Which lines in the records below contain the word "rchip"? Report each of them.

Data records Start Marker

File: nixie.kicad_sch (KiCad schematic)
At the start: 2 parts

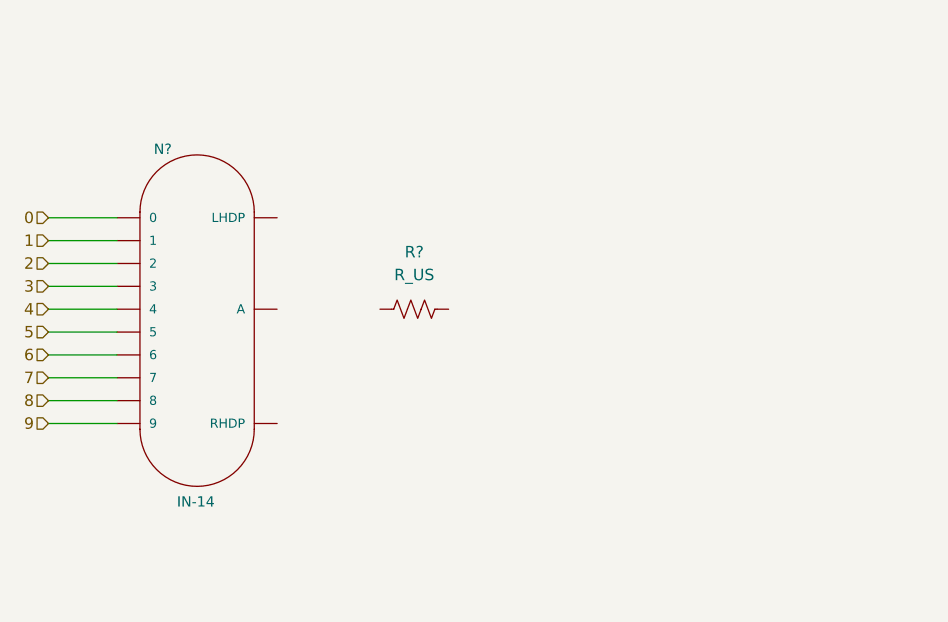
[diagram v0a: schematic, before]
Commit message: updated the nixie schematic
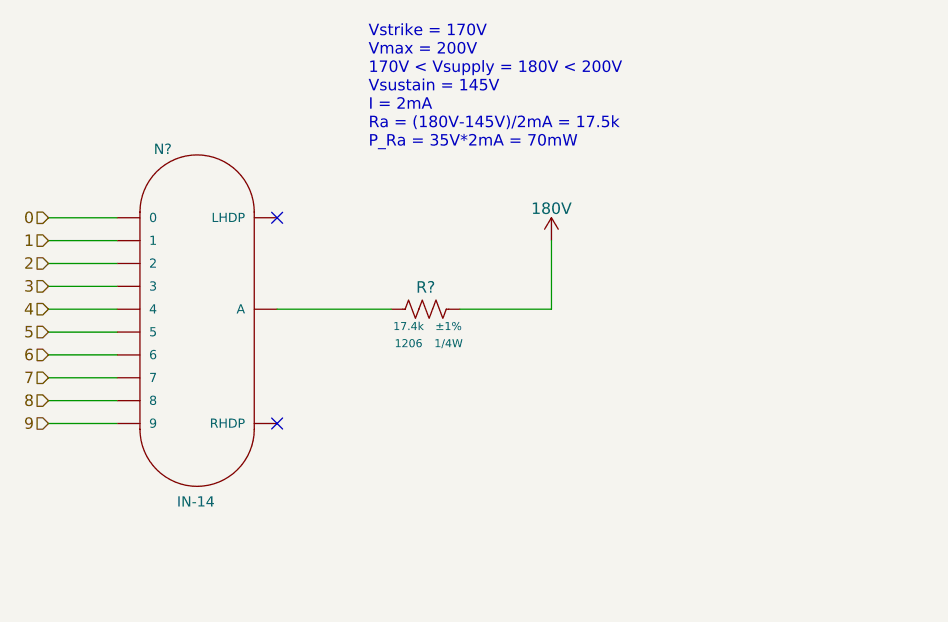
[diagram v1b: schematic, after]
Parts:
- removed R?: R_US, Resistor_SMD:R_1206_3216Metric_Pad1.30x1.75mm_HandSolder, symbol Device:R_US
- added R?: R_17K4_1P_1/4W_1206, Resistor_SMD:R_1206_3216Metric, symbol arjun_symbols:R_17K4_1P_1/4W_1206
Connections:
- net at N?.A: now also R?.2
- new net 180V: R?.1
- no-connect marks 0 -> 2
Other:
- note added: "Vstrike = 170V Vmax = 200V 170V < Vsupply = 180V < 200V Vsustain = 145V I = 2mA Ra = (180V-145V)/2mA = 17.5k P_Ra = 35V*2mA = 70mW"
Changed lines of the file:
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@@
 (kicad_sch (version 20211123) (generator eeschema)
   (paper "A4")
+  (no_connect (at 124.46 81.28))
+  (no_connect (at 124.46 104.14))
   (wire (pts (xy 99.06 83.82) (xy 106.68 83.82))
+    (stroke (width 0) (type default) (color 0 0 0 0))
+  )
+  (wire (pts (xy 124.46 91.44) (xy 137.16 91.44))
     (stroke (width 0) (type default) (color 0 0 0 0))
   )
@@
     (stroke (width 0) (type default) (color 0 0 0 0))
   )
+  (wire (pts (xy 154.94 91.44) (xy 154.94 83.82))
+    (stroke (width 0) (type default) (color 0 0 0 0))
+  )
   (wire (pts (xy 99.06 86.36) (xy 106.68 86.36))
     (stroke (width 0) (type default) (color 0 0 0 0))
   )
   (wire (pts (xy 99.06 93.98) (xy 106.68 93.98))
+    (stroke (width 0) (type default) (color 0 0 0 0))
+  )
+  (wire (pts (xy 144.78 91.44) (xy 154.94 91.44))
     (stroke (width 0) (type default) (color 0 0 0 0))
   )
@@
   (wire (pts (xy 99.06 88.9) (xy 106.68 88.9))
     (stroke (width 0) (type default) (color 0 0 0 0))
+  )
+  (text "Vstrike = 170V\nVmax = 200V\n170V < Vsupply = 180V < 200V\nVsustain = 145V\nI = 2mA\nRa = (180V-145V)/2mA = 17.5k\nP_Ra = 35V*2mA = 70mW"
+    (at 134.62 73.66 0)
+    (effects (font (size 1.27 1.27)) (justify left bottom))
   )
   (hierarchical_label "1" (shape input) (at 99.06 83.82 180)
@@
   (hierarchical_label "5" (shape input) (at 99.06 93.98 180)
     (effects (font (size 1.27 1.27)) (justify right))
+  )
+  (symbol (lib_id "arjun_symbols:180V") (at 154.94 83.82 0) (unit 1)
+    (in_bom yes) (on_board yes)
+    (property "Reference" "#PWR?" (id 0) (at 154.94 87.63 0)
+      (effects (font (size 1.27 1.27)) hide)
+    )
+    (property "Value" "180V" (id 1) (at 154.94 80.264 0))
+    (property "Footprint" "" (id 2) (at 154.94 83.82 0)
+      (effects (font (size 1.27 1.27)) hide)
+    )
+    (property "Datasheet" "" (id 3) (at 154.94 83.82 0)
+      (effects (font (size 1.27 1.27)) hide)
+    )
+    (pin "1")
   )
   (symbol (lib_id "arjun_symbols:IN-14") (at 106.68 81.28 0) (unit 1)
@@
     (pin "RHDP")
   )
-  (symbol (lib_id "Device:R_US") (at 139.7 91.44 270) (unit 1)
-    (in_bom yes) (on_board yes) (fields_autoplaced)
-    (property "Reference" "R?" (id 0) (at 139.7 85.09 90))
-    (property "Value" "R_US" (id 1) (at 139.7 87.63 90))
-    (property "Footprint" "Resistor_SMD:R_1206_3216Metric_Pad1.30x1.75mm_HandSolder" (id 2) (at 139.446 92.456 90)
+  (symbol (lib_id "arjun_symbols:R_17K4_1P_1{slash}4W_1206") (at 140.97 91.44 270) (unit 1)
+    (in_bom yes) (on_board yes)
+    (property "Reference" "R?" (id 0) (at 140.97 88.265 90)
+      (effects (font (size 1.27 1.27)) (justify top))
+    )
+    (property "Value" "R_17K4_1P_1/4W_1206" (id 1) (at 140.97 83.82 90)
       (effects (font (size 1.27 1.27)) hide)
     )
-    (property "Datasheet" "~" (id 3) (at 139.7 91.44 0)
+    (property "Footprint" "Resistor_SMD:R_1206_3216Metric" (id 2) (at 138.43 81.28 90)
       (effects (font (size 1.27 1.27)) hide)
     )
+    (property "Datasheet" "https://www.yageo.com/upload/media/product/productsearch/datasheet/rchip/PYu-RC_Group_51_RoHS_L_12.pdf" (id 3) (at 115.57 86.36 0)
+      (effects (font (size 1.27 1.27)) hide)
+    )
+    (property "Resistance" "17.4k" (id 4) (at 139.065 93.345 90)
+      (effects (font (size 0.889 0.889)))
+    )
+    (property "Tolerance" "±1% " (id 5) (at 143.51 93.345 90)
+      (effects (font (size 0.889 0.889)))
+    )
+    (property "Package" "1206" (id 6) (at 139.065 95.25 90)
+      (effects (font (size 0.889 0.889)))
+    )
+    (property "Power" "1/4W" (id 7) (at 143.51 95.25 90)
+      (effects (font (size 0.889 0.889)))
+    )
     (pin "1")

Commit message: wired up Nixie tubes
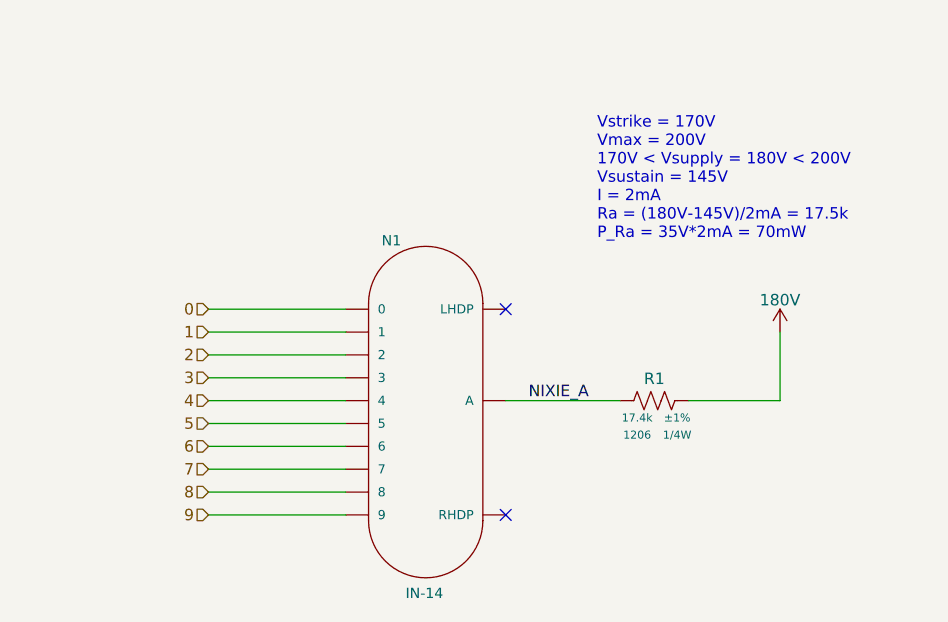
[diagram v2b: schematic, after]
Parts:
- gave numbers to parts that had none: 2
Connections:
- net NIXIE_A: now reaches N1.A, R1.2
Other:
- moved on the sheet: N1, R1
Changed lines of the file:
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@@
 (kicad_sch (version 20211123) (generator eeschema)
   (paper "A4")
-  (no_connect (at 124.46 81.28))
-  (no_connect (at 124.46 104.14))
-  (wire (pts (xy 99.06 83.82) (xy 106.68 83.82))
+  (no_connect (at 149.86 91.44))
+  (no_connect (at 149.86 114.3))
+  (wire (pts (xy 116.84 93.98) (xy 132.08 93.98))
     (stroke (width 0) (type default) (color 0 0 0 0))
   )
-  (wire (pts (xy 124.46 91.44) (xy 137.16 91.44))
+  (wire (pts (xy 149.86 101.6) (xy 162.56 101.6))
     (stroke (width 0) (type default) (color 0 0 0 0))
   )
-  (wire (pts (xy 99.06 101.6) (xy 106.68 101.6))
+  (wire (pts (xy 116.84 111.76) (xy 132.08 111.76))
     (stroke (width 0) (type default) (color 0 0 0 0))
   )
-  (wire (pts (xy 99.06 99.06) (xy 106.68 99.06))
+  (wire (pts (xy 116.84 109.22) (xy 132.08 109.22))
     (stroke (width 0) (type default) (color 0 0 0 0))
   )
-  (wire (pts (xy 99.06 81.28) (xy 106.68 81.28))
+  (wire (pts (xy 116.84 91.44) (xy 132.08 91.44))
     (stroke (width 0) (type default) (color 0 0 0 0))
   )
-  (wire (pts (xy 99.06 96.52) (xy 106.68 96.52))
+  (wire (pts (xy 116.84 106.68) (xy 132.08 106.68))
     (stroke (width 0) (type default) (color 0 0 0 0))
   )
-  (wire (pts (xy 154.94 91.44) (xy 154.94 83.82))
+  (wire (pts (xy 180.34 101.6) (xy 180.34 93.98))
     (stroke (width 0) (type default) (color 0 0 0 0))
   )
-  (wire (pts (xy 99.06 86.36) (xy 106.68 86.36))
+  (wire (pts (xy 116.84 96.52) (xy 132.08 96.52))
     (stroke (width 0) (type default) (color 0 0 0 0))
   )
-  (wire (pts (xy 99.06 93.98) (xy 106.68 93.98))
+  (wire (pts (xy 116.84 104.14) (xy 132.08 104.14))
     (stroke (width 0) (type default) (color 0 0 0 0))
   )
-  (wire (pts (xy 144.78 91.44) (xy 154.94 91.44))
+  (wire (pts (xy 170.18 101.6) (xy 180.34 101.6))
     (stroke (width 0) (type default) (color 0 0 0 0))
   )
-  (wire (pts (xy 99.06 91.44) (xy 106.68 91.44))
+  (wire (pts (xy 116.84 101.6) (xy 132.08 101.6))
     (stroke (width 0) (type default) (color 0 0 0 0))
   )
-  (wire (pts (xy 99.06 104.14) (xy 106.68 104.14))
+  (wire (pts (xy 116.84 114.3) (xy 132.08 114.3))
     (stroke (width 0) (type default) (color 0 0 0 0))
   )
-  (wire (pts (xy 99.06 88.9) (xy 106.68 88.9))
+  (wire (pts (xy 116.84 99.06) (xy 132.08 99.06))
     (stroke (width 0) (type default) (color 0 0 0 0))
   )
   (text "Vstrike = 170V\nVmax = 200V\n170V < Vsupply = 180V < 200V\nVsustain = 145V\nI = 2mA\nRa = (180V-145V)/2mA = 17.5k\nP_Ra = 35V*2mA = 70mW"
-    (at 134.62 73.66 0)
+    (at 160.02 83.82 0)
     (effects (font (size 1.27 1.27)) (justify left bottom))
   )
-  (hierarchical_label "1" (shape input) (at 99.06 83.82 180)
+  (label "NIXIE_A" (at 152.4 101.6 0)
+    (effects (font (size 1.27 1.27)) (justify left bottom))
+  )
+  (hierarchical_label "1" (shape input) (at 116.84 93.98 180)
     (effects (font (size 1.27 1.27)) (justify right))
   )
-  (hierarchical_label "9" (shape input) (at 99.06 104.14 180)
+  (hierarchical_label "9" (shape input) (at 116.84 114.3 180)
     (effects (font (size 1.27 1.27)) (justify right))
   )
-  (hierarchical_label "6" (shape input) (at 99.06 96.52 180)
+  (hierarchical_label "6" (shape input) (at 116.84 106.68 180)
     (effects (font (size 1.27 1.27)) (justify right))
   )
-  (hierarchical_label "8" (shape input) (at 99.06 101.6 180)
+  (hierarchical_label "8" (shape input) (at 116.84 111.76 180)
     (effects (font (size 1.27 1.27)) (justify right))
   )
-  (hierarchical_label "3" (shape input) (at 99.06 88.9 180)
+  (hierarchical_label "3" (shape input) (at 116.84 99.06 180)
     (effects (font (size 1.27 1.27)) (justify right))
   )
-  (hierarchical_label "2" (shape input) (at 99.06 86.36 180)
+  (hierarchical_label "2" (shape input) (at 116.84 96.52 180)
     (effects (font (size 1.27 1.27)) (justify right))
   )
-  (hierarchical_label "7" (shape input) (at 99.06 99.06 180)
+  (hierarchical_label "7" (shape input) (at 116.84 109.22 180)
     (effects (font (size 1.27 1.27)) (justify right))
   )
-  (hierarchical_label "0" (shape input) (at 99.06 81.28 180)
+  (hierarchical_label "0" (shape input) (at 116.84 91.44 180)
     (effects (font (size 1.27 1.27)) (justify right))
   )
-  (hierarchical_label "4" (shape input) (at 99.06 91.44 180)
+  (hierarchical_label "4" (shape input) (at 116.84 101.6 180)
     (effects (font (size 1.27 1.27)) (justify right))
   )
-  (hierarchical_label "5" (shape input) (at 99.06 93.98 180)
+  (hierarchical_label "5" (shape input) (at 116.84 104.14 180)
     (effects (font (size 1.27 1.27)) (justify right))
   )
-  (symbol (lib_id "arjun_symbols:180V") (at 154.94 83.82 0) (unit 1)
+  (symbol (lib_id "arjun_symbols:180V") (at 180.34 93.98 0) (unit 1)
     (in_bom yes) (on_board yes)
-    (property "Reference" "#PWR?" (id 0) (at 154.94 87.63 0)
+    (property "Reference" "#PWR0101" (id 0) (at 180.34 97.79 0)
       (effects (font (size 1.27 1.27)) hide)
     )
-    (property "Value" "180V" (id 1) (at 154.94 80.264 0))
-    (property "Footprint" "" (id 2) (at 154.94 83.82 0)
+    (property "Value" "180V" (id 1) (at 180.34 90.424 0))
+    (property "Footprint" "" (id 2) (at 180.34 93.98 0)
       (effects (font (size 1.27 1.27)) hide)
     )
-    (property "Datasheet" "" (id 3) (at 154.94 83.82 0)
+    (property "Datasheet" "" (id 3) (at 180.34 93.98 0)
       (effects (font (size 1.27 1.27)) hide)
     )
     (pin "1")
   )
-  (symbol (lib_id "arjun_symbols:IN-14") (at 106.68 81.28 0) (unit 1)
+  (symbol (lib_id "arjun_symbols:IN-14") (at 132.08 91.44 0) (unit 1)
     (in_bom yes) (on_board yes)
-    (property "Reference" "N?" (id 0) (at 111.76 73.66 0)
+    (property "Reference" "N1" (id 0) (at 137.16 83.82 0)
       (effects (font (size 1.143 1.143)))
     )
-    (property "Value" "IN-14" (id 1) (at 115.4258 112.841 0)
+    (property "Value" "IN-14" (id 1) (at 140.8258 123.001 0)
       (effects (font (size 1.143 1.143)))
     )
-    (property "Footprint" "arjun_footprints:IN-14" (id 2) (at 107.442 77.47 0)
+    (property "Footprint" "arjun_footprints:IN-14" (id 2) (at 132.842 87.63 0)
       (effects (font (size 0.508 0.508)) hide)
     )
-    (property "Datasheet" "https://tubehobby.com/datasheets/in14.pdf" (id 3) (at 106.68 109.22 0)
+    (property "Datasheet" "https://tubehobby.com/datasheets/in14.pdf" (id 3) (at 132.08 119.38 0)
       (effects (font (size 1.27 1.27)) hide)
     )
-    (property "Datasheet2" "http://www.tube-tester.com/sites/nixie/data/in-14/in-14.htm" (id 4) (at 106.68 111.76 0)
+    (property "Datasheet2" "http://www.tube-tester.com/sites/nixie/data/in-14/in-14.htm" (id 4) (at 132.08 121.92 0)
       (effects (font (size 1.27 1.27)) hide)
     )
-    (property "Datasheet3" "http://www.tube-tester.com/sites/nixie/dat_arch/IN-14_01.pdf" (id 5) (at 106.68 106.68 0)
+    (property "Datasheet3" "http://www.tube-tester.com/sites/nixie/dat_arch/IN-14_01.pdf" (id 5) (at 132.08 116.84 0)
       (effects (font (size 1.27 1.27)) hide)
     )
@@
     (pin "RHDP")
   )
-  (symbol (lib_id "arjun_symbols:R_17K4_1P_1{slash}4W_1206") (at 140.97 91.44 270) (unit 1)
+  (symbol (lib_id "arjun_symbols:R_17K4_1P_1{slash}4W_1206") (at 166.37 101.6 270) (unit 1)
     (in_bom yes) (on_board yes)
-    (property "Reference" "R?" (id 0) (at 140.97 88.265 90)
+    (property "Reference" "R1" (id 0) (at 166.37 98.425 90)
       (effects (font (size 1.27 1.27)) (justify top))
     )
-    (property "Value" "R_17K4_1P_1/4W_1206" (id 1) (at 140.97 83.82 90)
+    (property "Value" "R_17K4_1P_1/4W_1206" (id 1) (at 166.37 93.98 90)
       (effects (font (size 1.27 1.27)) hide)
     )
-    (property "Footprint" "Resistor_SMD:R_1206_3216Metric" (id 2) (at 138.43 81.28 90)
+    (property "Footprint" "Resistor_SMD:R_1206_3216Metric" (id 2) (at 163.83 91.44 90)
       (effects (font (size 1.27 1.27)) hide)
     )
-    (property "Datasheet" "https://www.yageo.com/upload/media/product/productsearch/datasheet/rchip/PYu-RC_Group_51_RoHS_L_12.pdf" (id 3) (at 115.57 86.36 0)
+    (property "Datasheet" "https://www.yageo.com/upload/media/product/productsearch/datasheet/rchip/PYu-RC_Group_51_RoHS_L_12.pdf" (id 3) (at 140.97 96.52 0)
       (effects (font (size 1.27 1.27)) hide)
     )
-    (property "Resistance" "17.4k" (id 4) (at 139.065 93.345 90)
+    (property "Resistance" "17.4k" (id 4) (at 164.465 103.505 90)
       (effects (font (size 0.889 0.889)))
     )
-    (property "Tolerance" "±1% " (id 5) (at 143.51 93.345 90)
+    (property "Tolerance" "±1% " (id 5) (at 168.91 103.505 90)
       (effects (font (size 0.889 0.889)))
     )
-    (property "Package" "1206" (id 6) (at 139.065 95.25 90)
+    (property "Package" "1206" (id 6) (at 164.465 105.41 90)
       (effects (font (size 0.889 0.889)))
     )
-    (property "Power" "1/4W" (id 7) (at 143.51 95.25 90)
+    (property "Power" "1/4W" (id 7) (at 168.91 105.41 90)
       (effects (font (size 0.889 0.889)))
     )

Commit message: Added level shifter and finished up HV Shift Register page
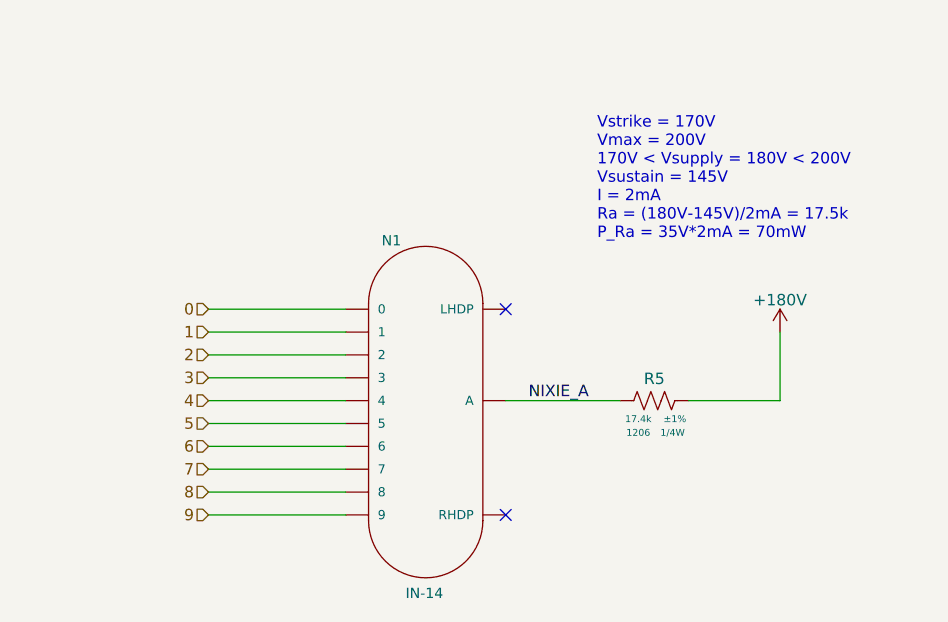
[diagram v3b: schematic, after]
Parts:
- removed R1: R_17K4_1P_1/4W_1206, Resistor_SMD:R_1206_3216Metric, symbol arjun_symbols:R_17K4_1P_1/4W_1206
- added R5: RES_17K4_1P_1/4W_1206, Resistor_SMD:R_1206_3216Metric, symbol arjun_symbols:RES_17K4_1P_1/4W_1206
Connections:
- net 180V: now also R5.1
- net NIXIE_A: now also R5.2
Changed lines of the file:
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@@
     (effects (font (size 1.27 1.27)) (justify right))
   )
-  (symbol (lib_id "arjun_symbols:180V") (at 180.34 93.98 0) (unit 1)
+  (symbol (lib_id "arjun_symbols:RES_17K4_1P_1{slash}4W_1206") (at 170.18 101.6 270) (unit 1)
     (in_bom yes) (on_board yes)
-    (property "Reference" "#PWR0101" (id 0) (at 180.34 97.79 0)
-      (effects (font (size 1.27 1.27)) hide)
+    (property "Reference" "R5" (id 0) (at 166.37 98.425 90)
+      (effects (font (size 1.27 1.27)) (justify top))
     )
-    (property "Value" "180V" (id 1) (at 180.34 90.424 0))
-    (property "Footprint" "" (id 2) (at 180.34 93.98 0)
-      (effects (font (size 1.27 1.27)) hide)
+    (property "Value" "RES_17K4_1P_1/4W_1206" (id 1) (at 175.26 109.22 0)
+      (effects (font (size 1.27 1.27)) (justify left) hide)
     )
-    (property "Datasheet" "" (id 3) (at 180.34 93.98 0)
-      (effects (font (size 1.27 1.27)) hide)
+    (property "Footprint" "Resistor_SMD:R_1206_3216Metric" (id 2) (at 172.72 109.22 0)
+      (effects (font (size 1.27 1.27)) (justify left) hide)
+    )
+    (property "Datasheet" "https://www.yageo.com/upload/media/product/productsearch/datasheet/rchip/PYu-RC_Group_51_RoHS_L_12.pdf" (id 3) (at 162.56 109.22 0)
+      (effects (font (size 1.27 1.27)) (justify left) hide)
+    )
+    (property "Manufacturer" "YAGEO" (id 4) (at 167.64 109.22 0)
+      (effects (font (size 1.27 1.27)) (justify left) hide)
+    )
+    (property "ManufacturerPN" "RC1206FR-0717K4L" (id 5) (at 165.1 109.22 0)
+      (effects (font (size 1.27 1.27)) (justify left) hide)
+    )
+    (property "Vendor" "Digi-Key" (id 6) (at 160.02 109.22 0)
+      (effects (font (size 1.27 1.27)) (justify left) hide)
+    )
+    (property "VendorPN" "311-17.4KFRCT-ND" (id 7) (at 157.48 109.22 0)
+      (effects (font (size 1.27 1.27)) (justify left) hide)
+    )
+    (property "Resistance" "17.4k" (id 8) (at 164.592 103.632 90)
+      (effects (font (size 0.762 0.762)))
+    )
+    (property "Tolerance" "±1% " (id 9) (at 168.656 103.632 90)
+      (effects (font (size 0.762 0.762)))
+    )
+    (property "Package" "1206" (id 10) (at 164.592 105.156 90)
+      (effects (font (size 0.762 0.762)))
+    )
+    (property "Power" "1/4W" (id 11) (at 168.402 105.156 90)
+      (effects (font (size 0.762 0.762)))
     )
     (pin "1")
+    (pin "2")
   )
   (symbol (lib_id "arjun_symbols:IN-14") (at 132.08 91.44 0) (unit 1)
@@
     (pin "RHDP")
   )
-  (symbol (lib_id "arjun_symbols:R_17K4_1P_1{slash}4W_1206") (at 166.37 101.6 270) (unit 1)
+  (symbol (lib_id "arjun_symbols:+180V") (at 180.34 93.98 0) (unit 1)
     (in_bom yes) (on_board yes)
-    (property "Reference" "R1" (id 0) (at 166.37 98.425 90)
-      (effects (font (size 1.27 1.27)) (justify top))
-    )
-    (property "Value" "R_17K4_1P_1/4W_1206" (id 1) (at 166.37 93.98 90)
+    (property "Reference" "#PWR06" (id 0) (at 180.34 97.79 0)
       (effects (font (size 1.27 1.27)) hide)
     )
-    (property "Footprint" "Resistor_SMD:R_1206_3216Metric" (id 2) (at 163.83 91.44 90)
+    (property "Value" "+180V" (id 1) (at 180.34 90.424 0))
+    (property "Footprint" "" (id 2) (at 180.34 93.98 0)
       (effects (font (size 1.27 1.27)) hide)
     )
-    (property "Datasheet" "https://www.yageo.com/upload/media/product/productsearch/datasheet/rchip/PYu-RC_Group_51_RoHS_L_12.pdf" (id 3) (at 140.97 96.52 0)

Data records End Marker

■ **The answer**:
+    (property "Datasheet" "https://www.yageo.com/upload/media/product/productsearch/datasheet/rchip/PYu-RC_Group_51_RoHS_L_12.pdf" (id 3) (at 115.57 86.36 0)
-    (property "Datasheet" "https://www.yageo.com/upload/media/product/productsearch/datasheet/rchip/PYu-RC_Group_51_RoHS_L_12.pdf" (id 3) (at 115.57 86.36 0)
+    (property "Datasheet" "https://www.yageo.com/upload/media/product/productsearch/datasheet/rchip/PYu-RC_Group_51_RoHS_L_12.pdf" (id 3) (at 140.97 96.52 0)
+    (property "Datasheet" "https://www.yageo.com/upload/media/product/productsearch/datasheet/rchip/PYu-RC_Group_51_RoHS_L_12.pdf" (id 3) (at 162.56 109.22 0)
-    (property "Datasheet" "https://www.yageo.com/upload/media/product/productsearch/datasheet/rchip/PYu-RC_Group_51_RoHS_L_12.pdf" (id 3) (at 140.97 96.52 0)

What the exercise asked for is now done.